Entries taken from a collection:
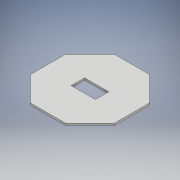
# Autodesk Inventor part: TopR01
Saved by Autodesk Inventor 2018.1 (Build 221171000, 171)
## iProperties
Created: 2017-10-23
Part Number: TopR01
Material: Generic
Document SubType Name: Modeling
Designer: s167968
Density: 1 g/cm^3
Appearance: Default
Author: s167968
Autodesk Inventor part; units mm, degrees
ref_plane "YZ Plane" through (0, 0, 0) normal (1, 0, 0) x (0, 1, 0)
ref_plane "XZ Plane" through (0, 0, 0) normal (0, 1, 0) x (-1, 0, 0)
ref_plane "XY Plane" through (0, 0, 0) normal (0, 0, 1) x (1, 0, 0)
sketch "Sketch1" plane through (0, 0, 0) normal (0, 0, 1) x (1, 0, 0)
  line L0 (37.4203, -15.5) -> (15.5, -37.4203)
  line L1 (15.5, -37.4203) -> (-15.5, -37.4203)
  line L2 (-15.5, -37.4203) -> (-37.4203, -15.5)
  line L3 (-37.4203, -15.5) -> (-37.4203, 15.5)
  line L4 (-37.4203, 15.5) -> (-15.5, 37.4203)
  line L5 (-15.5, 37.4203) -> (15.5, 37.4203)
  line L6 (15.5, 37.4203) -> (37.4203, 15.5)
  line L7 (37.4203, 15.5) -> (37.4203, -15.5)
  point P0 (0, 0)
  point P1 (0, 0)
  point P2 (0, 0)
  dimension "d0" = 31
  dimension "d1" = 0
  constraints: 16 end point, 1 coincident, 17 other
  measures "d0" distance of L4.end L5.end
  measures "d1" vertical distance of L4.end L5.end
extrude "Extrusion1" add sketch "Sketch1" along normal blind 2
sketch "Sketch2" plane through (0, 0, 2) normal (0, 0, 1) x (1, 0, 0)
  line L0 (-10.75, 6) -> (10.75, 6)
  line L1 (10.75, 6) -> (10.75, -6)
  line L2 (10.75, -6) -> (-10.75, -6)
  line L3 (-10.75, -6) -> (-10.75, 6)
  point P0 (0, 0)
  dimension "d5" = 21.5
  dimension "d6" = 12
  dimension "d7" = 10.75
  dimension "d8" = 6
  constraints: 8 end point, 2 parallel, 1 horizontal, 1 perpendicular
  measures "d5" distance of L0.start L0.end
  measures "d6" distance of L2.end L0.start
  measures "d7" distance from line of L3 point (0, 0)
  measures "d8" distance from line of L0 point (0, 0)
extrude "Extrusion2" cut sketch "Sketch2" against normal blind 3
equation "\"d7\" = 0.5 * d5"
equation "\"d8\" = 0.5 * d6"
body "Solid1"
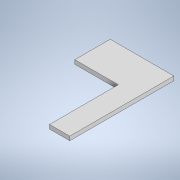
# Autodesk Inventor part: S5_Mainboard
Saved by Autodesk Inventor 2020 (Build 240168000, 168)
## iProperties
Created: 2019-09-06
Part Number: S5_Mainboard
Material: Ogólny
Document SubType Name: Modeling
Designer: atmat
Density: 1 g/cm^3
Appearance: Domyślna
Author: atmat
Autodesk Inventor part; units mm, degrees
ref_plane "YZ Plane" through (0, 0, 0) normal (1, 0, 0) x (0, 1, 0)
ref_plane "XZ Plane" through (0, 0, 0) normal (0, 1, 0) x (-1, 0, 0)
ref_plane "XY Plane" through (0, 0, 0) normal (0, 0, 1) x (1, 0, 0)
sketch "Szkic1" plane through (0, 0, 0) normal (0, 1, 0) x (-1, 0, 0)
  line L0 (34.8855, -22.7009) -> (-28.1145, -22.7009)
  line L1 (-28.1145, -22.7009) -> (-28.1145, -57.7009)
  line L2 (-28.1145, -57.7009) -> (34.8855, -57.7009)
  line L3 (34.8855, -57.7009) -> (34.8855, -22.7009)
  line L4 (-28.1145, -57.7009) -> (-8.1145, -57.7009)
  line L5 (-8.1145, -57.7009) -> (-8.1145, 45.2991)
  line L6 (-8.1145, 45.2991) -> (-28.1145, 45.2991)
  line L7 (-28.1145, 45.2991) -> (-28.1145, -57.7009)
  point P0 (0, 0)
  point P1 (-8.1145, -22.7009)
  dimension "d0" = 63
  dimension "d1" = 35
  dimension "d2" = 103
  dimension "d3" = 20
  constraints: 16 end point, 4 parallel, 2 horizontal, 2 perpendicular
  measures "d0" distance of L1.end L2.end
  measures "d1" distance of L2.end L0.start
  measures "d2" distance of L6.end L1.end
  measures "d3" distance of L5.end L6.end
extrude "Wyciągnięcie proste1" add sketch "Szkic1" along normal blind 4
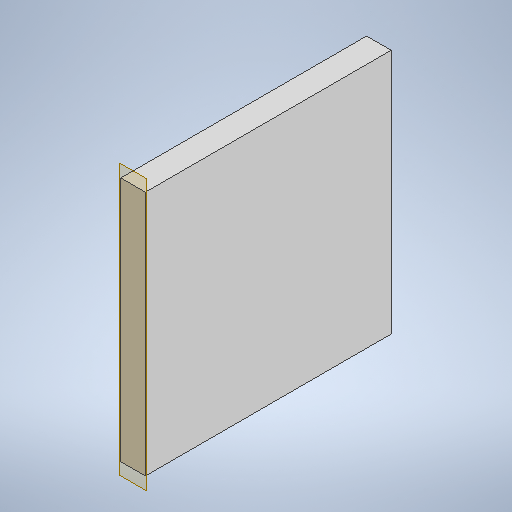
# Autodesk Inventor part: hole2025
Saved by Autodesk Inventor 2026 (Build 300175050, 175E)
## iProperties
Created: 2025-09-06
Part Number: hole2025
Material: Generic
Document SubType Name: Modeling
Designer: TiffanyHayden
Density: 1 g/cm^3
Appearance: Default
Author: TiffanyHayden
Autodesk Inventor part; units mm, degrees
ref_plane "YZ Plane" through (0, 0, 0) normal (1, 0, 0) x (0, 1, 0)
ref_plane "XZ Plane" through (0, 0, 0) normal (0, 1, 0) x (-1, 0, 0)
ref_plane "Left Side" through (0, 0, 127) normal (0, 0, 1) x (1, 0, 0)
sketch "Sketch1" plane through (0, 0, 0) normal (1, 0, 0) x (0, 1, 0)
  line L0 (-127, 127) -> (127, 127)
  line L1 (127, 127) -> (127, -127)
  line L2 (127, -127) -> (-127, -127)
  line L3 (-127, -127) -> (-127, 127)
  line L4 (-127, 127) -> (127, -127) construction
  line L5 (127, 127) -> (-127, -127) construction
  point P0 (0, 0)
  dimension "d0" = 254
  dimension "d1" = 254
  constraints: 12 end point, 2 midpoint, 2 parallel, 1 horizontal, 1 perpendicular
  measures "d0" distance of L1.end L2.end
  measures "d1" distance of L0.end L1.end
extrude "Plate" add sketch "Sketch1" against normal blind 25.4
body "Solid1"

DIRECTIONS FOR THIS TASK: From the first line to the last, set down the data exactly, without the pictures.

RESULT FOR THIS EXERCISE:
# Autodesk Inventor part: TopR01
Saved by Autodesk Inventor 2018.1 (Build 221171000, 171)
## iProperties
Created: 2017-10-23
Part Number: TopR01
Material: Generic
Document SubType Name: Modeling
Designer: s167968
Density: 1 g/cm^3
Appearance: Default
Author: s167968
Autodesk Inventor part; units mm, degrees
ref_plane "YZ Plane" through (0, 0, 0) normal (1, 0, 0) x (0, 1, 0)
ref_plane "XZ Plane" through (0, 0, 0) normal (0, 1, 0) x (-1, 0, 0)
ref_plane "XY Plane" through (0, 0, 0) normal (0, 0, 1) x (1, 0, 0)
sketch "Sketch1" plane through (0, 0, 0) normal (0, 0, 1) x (1, 0, 0)
  line L0 (37.4203, -15.5) -> (15.5, -37.4203)
  line L1 (15.5, -37.4203) -> (-15.5, -37.4203)
  line L2 (-15.5, -37.4203) -> (-37.4203, -15.5)
  line L3 (-37.4203, -15.5) -> (-37.4203, 15.5)
  line L4 (-37.4203, 15.5) -> (-15.5, 37.4203)
  line L5 (-15.5, 37.4203) -> (15.5, 37.4203)
  line L6 (15.5, 37.4203) -> (37.4203, 15.5)
  line L7 (37.4203, 15.5) -> (37.4203, -15.5)
  point P0 (0, 0)
  point P1 (0, 0)
  point P2 (0, 0)
  dimension "d0" = 31
  dimension "d1" = 0
  constraints: 16 end point, 1 coincident, 17 other
  measures "d0" distance of L4.end L5.end
  measures "d1" vertical distance of L4.end L5.end
extrude "Extrusion1" add sketch "Sketch1" along normal blind 2
sketch "Sketch2" plane through (0, 0, 2) normal (0, 0, 1) x (1, 0, 0)
  line L0 (-10.75, 6) -> (10.75, 6)
  line L1 (10.75, 6) -> (10.75, -6)
  line L2 (10.75, -6) -> (-10.75, -6)
  line L3 (-10.75, -6) -> (-10.75, 6)
  point P0 (0, 0)
  dimension "d5" = 21.5
  dimension "d6" = 12
  dimension "d7" = 10.75
  dimension "d8" = 6
  constraints: 8 end point, 2 parallel, 1 horizontal, 1 perpendicular
  measures "d5" distance of L0.start L0.end
  measures "d6" distance of L2.end L0.start
  measures "d7" distance from line of L3 point (0, 0)
  measures "d8" distance from line of L0 point (0, 0)
extrude "Extrusion2" cut sketch "Sketch2" against normal blind 3
equation "\"d7\" = 0.5 * d5"
equation "\"d8\" = 0.5 * d6"
body "Solid1"
# Autodesk Inventor part: S5_Mainboard
Saved by Autodesk Inventor 2020 (Build 240168000, 168)
## iProperties
Created: 2019-09-06
Part Number: S5_Mainboard
Material: Ogólny
Document SubType Name: Modeling
Designer: atmat
Density: 1 g/cm^3
Appearance: Domyślna
Author: atmat
Autodesk Inventor part; units mm, degrees
ref_plane "YZ Plane" through (0, 0, 0) normal (1, 0, 0) x (0, 1, 0)
ref_plane "XZ Plane" through (0, 0, 0) normal (0, 1, 0) x (-1, 0, 0)
ref_plane "XY Plane" through (0, 0, 0) normal (0, 0, 1) x (1, 0, 0)
sketch "Szkic1" plane through (0, 0, 0) normal (0, 1, 0) x (-1, 0, 0)
  line L0 (34.8855, -22.7009) -> (-28.1145, -22.7009)
  line L1 (-28.1145, -22.7009) -> (-28.1145, -57.7009)
  line L2 (-28.1145, -57.7009) -> (34.8855, -57.7009)
  line L3 (34.8855, -57.7009) -> (34.8855, -22.7009)
  line L4 (-28.1145, -57.7009) -> (-8.1145, -57.7009)
  line L5 (-8.1145, -57.7009) -> (-8.1145, 45.2991)
  line L6 (-8.1145, 45.2991) -> (-28.1145, 45.2991)
  line L7 (-28.1145, 45.2991) -> (-28.1145, -57.7009)
  point P0 (0, 0)
  point P1 (-8.1145, -22.7009)
  dimension "d0" = 63
  dimension "d1" = 35
  dimension "d2" = 103
  dimension "d3" = 20
  constraints: 16 end point, 4 parallel, 2 horizontal, 2 perpendicular
  measures "d0" distance of L1.end L2.end
  measures "d1" distance of L2.end L0.start
  measures "d2" distance of L6.end L1.end
  measures "d3" distance of L5.end L6.end
extrude "Wyciągnięcie proste1" add sketch "Szkic1" along normal blind 4
# Autodesk Inventor part: hole2025
Saved by Autodesk Inventor 2026 (Build 300175050, 175E)
## iProperties
Created: 2025-09-06
Part Number: hole2025
Material: Generic
Document SubType Name: Modeling
Designer: TiffanyHayden
Density: 1 g/cm^3
Appearance: Default
Author: TiffanyHayden
Autodesk Inventor part; units mm, degrees
ref_plane "YZ Plane" through (0, 0, 0) normal (1, 0, 0) x (0, 1, 0)
ref_plane "XZ Plane" through (0, 0, 0) normal (0, 1, 0) x (-1, 0, 0)
ref_plane "Left Side" through (0, 0, 127) normal (0, 0, 1) x (1, 0, 0)
sketch "Sketch1" plane through (0, 0, 0) normal (1, 0, 0) x (0, 1, 0)
  line L0 (-127, 127) -> (127, 127)
  line L1 (127, 127) -> (127, -127)
  line L2 (127, -127) -> (-127, -127)
  line L3 (-127, -127) -> (-127, 127)
  line L4 (-127, 127) -> (127, -127) construction
  line L5 (127, 127) -> (-127, -127) construction
  point P0 (0, 0)
  dimension "d0" = 254
  dimension "d1" = 254
  constraints: 12 end point, 2 midpoint, 2 parallel, 1 horizontal, 1 perpendicular
  measures "d0" distance of L1.end L2.end
  measures "d1" distance of L0.end L1.end
extrude "Plate" add sketch "Sketch1" against normal blind 25.4
body "Solid1"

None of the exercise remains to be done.